I “cretti” sono importanti nell’evoluzione artistica del Burri e nel panorama della nostra storia dell’arte: essi evocano l’idea del trascorrere del tempo messa in evidenza dalla crepatura dei materiali, indicano attraverso la tramatura artificiale della materia l’efficacia espressiva e decorativa dell’opera, additano un nuovo livello di severità e di compostezza nella composizione richiamando – riguardo ordine e compostezza- quei canoni noti alla pittura rinascimentale.

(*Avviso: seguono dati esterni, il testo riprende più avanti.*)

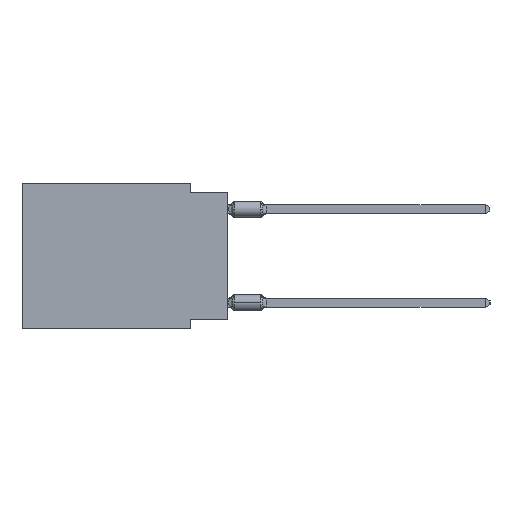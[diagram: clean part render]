
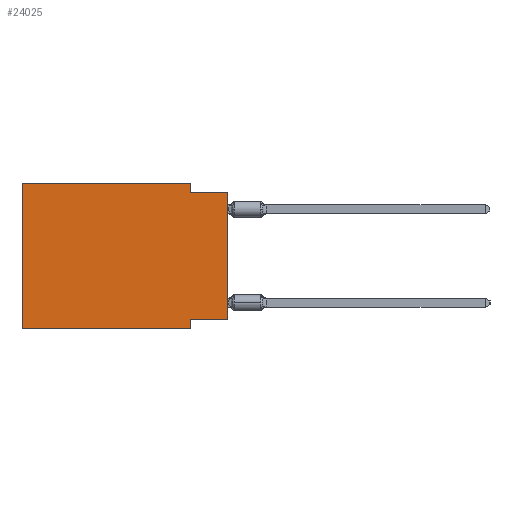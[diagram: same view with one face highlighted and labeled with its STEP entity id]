
A CAD part, left-side view. The second image highlights one B-rep face of the part: STEP entity #24025.
In plain terms, the highlighted planar face has unit normal (-1, 0, 0).
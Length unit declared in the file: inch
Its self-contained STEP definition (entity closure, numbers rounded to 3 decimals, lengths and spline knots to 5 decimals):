
#186 = DIRECTION ( 'NONE',  ( 0., 0., -1. ) ) ;
#632 = LINE ( 'NONE', #25896, #49363 ) ;
#1411 = EDGE_CURVE ( 'NONE', #21787, #33160, #45205, .T. ) ;
#2446 = LINE ( 'NONE', #11648, #55852 ) ;
#2876 = DIRECTION ( 'NONE',  ( 0., -1., 0. ) ) ;
#4531 = EDGE_CURVE ( 'NONE', #33160, #37035, #17638, .T. ) ;
#4639 = VERTEX_POINT ( 'NONE', #9086 ) ;
#4641 = LINE ( 'NONE', #53505, #16126 ) ;
#7725 = VECTOR ( 'NONE', #46171, 39.37008 ) ;
#8576 = VECTOR ( 'NONE', #23397, 39.37008 ) ;
#9086 = CARTESIAN_POINT ( 'NONE',  ( 0., 0.55, -0.39 ) ) ;
#10463 = EDGE_CURVE ( 'NONE', #4639, #32710, #58477, .T. ) ;
#11090 = CARTESIAN_POINT ( 'NONE',  ( 0., 0.1, 0. ) ) ;
#11648 = CARTESIAN_POINT ( 'NONE',  ( 0., 0.55, 0. ) ) ;
#12163 = EDGE_CURVE ( 'NONE', #59722, #14822, #4641, .T. ) ;
#12637 = EDGE_LOOP ( 'NONE', ( #64023, #55850, #13127, #46720, #32402, #53237, #25804, #24884 ) ) ;
#12735 = CARTESIAN_POINT ( 'NONE',  ( 0., 0., -0.025 ) ) ;
#13127 = ORIENTED_EDGE ( 'NONE', *, *, #1411, .F. ) ;
#14822 = VERTEX_POINT ( 'NONE', #28301 ) ;
#16050 = DIRECTION ( 'NONE',  ( 0., -1., 0. ) ) ;
#16126 = VECTOR ( 'NONE', #24639, 39.37008 ) ;
#16457 = CARTESIAN_POINT ( 'NONE',  ( 0., 0.1, -0.025 ) ) ;
#17084 = CARTESIAN_POINT ( 'NONE',  ( 0., 0.1, -0.39 ) ) ;
#17638 = LINE ( 'NONE', #12735, #24336 ) ;
#20513 = PLANE ( 'NONE',  #43126 ) ;
#21787 = VERTEX_POINT ( 'NONE', #56785 ) ;
#23397 = DIRECTION ( 'NONE',  ( 0., 0., 1. ) ) ;
#24025 = ADVANCED_FACE ( 'NONE', ( #35272 ), #20513, .F. ) ;
#24336 = VECTOR ( 'NONE', #2876, 39.37008 ) ;
#24639 = DIRECTION ( 'NONE',  ( 0., 1., 0. ) ) ;
#24884 = ORIENTED_EDGE ( 'NONE', *, *, #12163, .F. ) ;
#25804 = ORIENTED_EDGE ( 'NONE', *, *, #47475, .F. ) ;
#25896 = CARTESIAN_POINT ( 'NONE',  ( 0., 0.55, -0.39 ) ) ;
#27677 = EDGE_CURVE ( 'NONE', #32710, #21787, #2446, .T. ) ;
#28301 = CARTESIAN_POINT ( 'NONE',  ( 0., 0.1, -0.365 ) ) ;
#29759 = VECTOR ( 'NONE', #56361, 39.37008 ) ;
#32402 = ORIENTED_EDGE ( 'NONE', *, *, #10463, .F. ) ;
#32710 = VERTEX_POINT ( 'NONE', #53068 ) ;
#32928 = VECTOR ( 'NONE', #47964, 39.37008 ) ;
#33160 = VERTEX_POINT ( 'NONE', #16457 ) ;
#35272 = FACE_OUTER_BOUND ( 'NONE', #12637, .T. ) ;
#35713 = CARTESIAN_POINT ( 'NONE',  ( 0., 0.1, -0.39 ) ) ;
#37035 = VERTEX_POINT ( 'NONE', #61209 ) ;
#41490 = DIRECTION ( 'NONE',  ( 0., -1., 0. ) ) ;
#42134 = EDGE_CURVE ( 'NONE', #4639, #54829, #632, .T. ) ;
#43126 = AXIS2_PLACEMENT_3D ( 'NONE', #45112, #62066, #186 ) ;
#45112 = CARTESIAN_POINT ( 'NONE',  ( 0., 0.55, 0. ) ) ;
#45205 = LINE ( 'NONE', #11090, #7725 ) ;
#45882 = LINE ( 'NONE', #35713, #29759 ) ;
#46171 = DIRECTION ( 'NONE',  ( 0., 0., -1. ) ) ;
#46720 = ORIENTED_EDGE ( 'NONE', *, *, #27677, .F. ) ;
#47475 = EDGE_CURVE ( 'NONE', #14822, #54829, #45882, .T. ) ;
#47944 = EDGE_CURVE ( 'NONE', #59722, #37035, #48612, .T. ) ;
#47964 = DIRECTION ( 'NONE',  ( 0., 0., 1. ) ) ;
#48612 = LINE ( 'NONE', #48935, #32928 ) ;
#48935 = CARTESIAN_POINT ( 'NONE',  ( 0., 0., 0. ) ) ;
#49293 = CARTESIAN_POINT ( 'NONE',  ( 0., 0.55, 0. ) ) ;
#49363 = VECTOR ( 'NONE', #16050, 39.37008 ) ;
#53068 = CARTESIAN_POINT ( 'NONE',  ( 0., 0.55, 0. ) ) ;
#53237 = ORIENTED_EDGE ( 'NONE', *, *, #42134, .T. ) ;
#53505 = CARTESIAN_POINT ( 'NONE',  ( 0., 0., -0.365 ) ) ;
#54829 = VERTEX_POINT ( 'NONE', #17084 ) ;
#55850 = ORIENTED_EDGE ( 'NONE', *, *, #4531, .F. ) ;
#55852 = VECTOR ( 'NONE', #41490, 39.37008 ) ;
#56361 = DIRECTION ( 'NONE',  ( 0., 0., -1. ) ) ;
#56785 = CARTESIAN_POINT ( 'NONE',  ( 0., 0.1, 0. ) ) ;
#58477 = LINE ( 'NONE', #49293, #8576 ) ;
#59722 = VERTEX_POINT ( 'NONE', #60958 ) ;
#60958 = CARTESIAN_POINT ( 'NONE',  ( 0., 0., -0.365 ) ) ;
#61209 = CARTESIAN_POINT ( 'NONE',  ( 0., 0., -0.025 ) ) ;
#62066 = DIRECTION ( 'NONE',  ( 1., 0., 0. ) ) ;
#64023 = ORIENTED_EDGE ( 'NONE', *, *, #47944, .T. ) ;

Proprio per tale severità di linee e compostezza vogliamo qui ricordare due cose:

  • l’idea che sta alla base dei cretti è stata ripresa agli inizi degli anni ’80 da Burri per realizzare il GRANDE CRETTO DI GIBELLINA, uno dei più grandi e austeri monumenti alla sofferenza dell’uomo mai concepiti che si trova in Sicilia nella Città del terremoto del 1968

  • l’idea del cretto è presente nella dolciaria artigianale: il Cioccolatificio “La Molina” dei F.lli Lunardi di Quarrata(Pistoia) produce i “cretti”, singolari cioccolatini assai gustosi che si rifanno per i sapori mediterranei, al latte e fondente, alla singolare creazione artistica di Alberto Burri.

L’opera di Lucio Fontana e quella di Alberto Burri, soprattutto per quanto riguarda i “tagli” dell’uno e i “cretti” dell’altro, nel rivalutare la creazione artistica della rispettiva produzione, indicano l’ansia di voler rigenerare lo spazio e la spazialità proprio attraverso la manipolazione dei materiali: per questo motivo essi sono e rappresentano assai lodevolmente una pietra miliare di notevole importanza sia nella rielaborazione e nell’affinamento del gusto sia ancor più nella palese ricerca di nuove forme di produzione e di arte.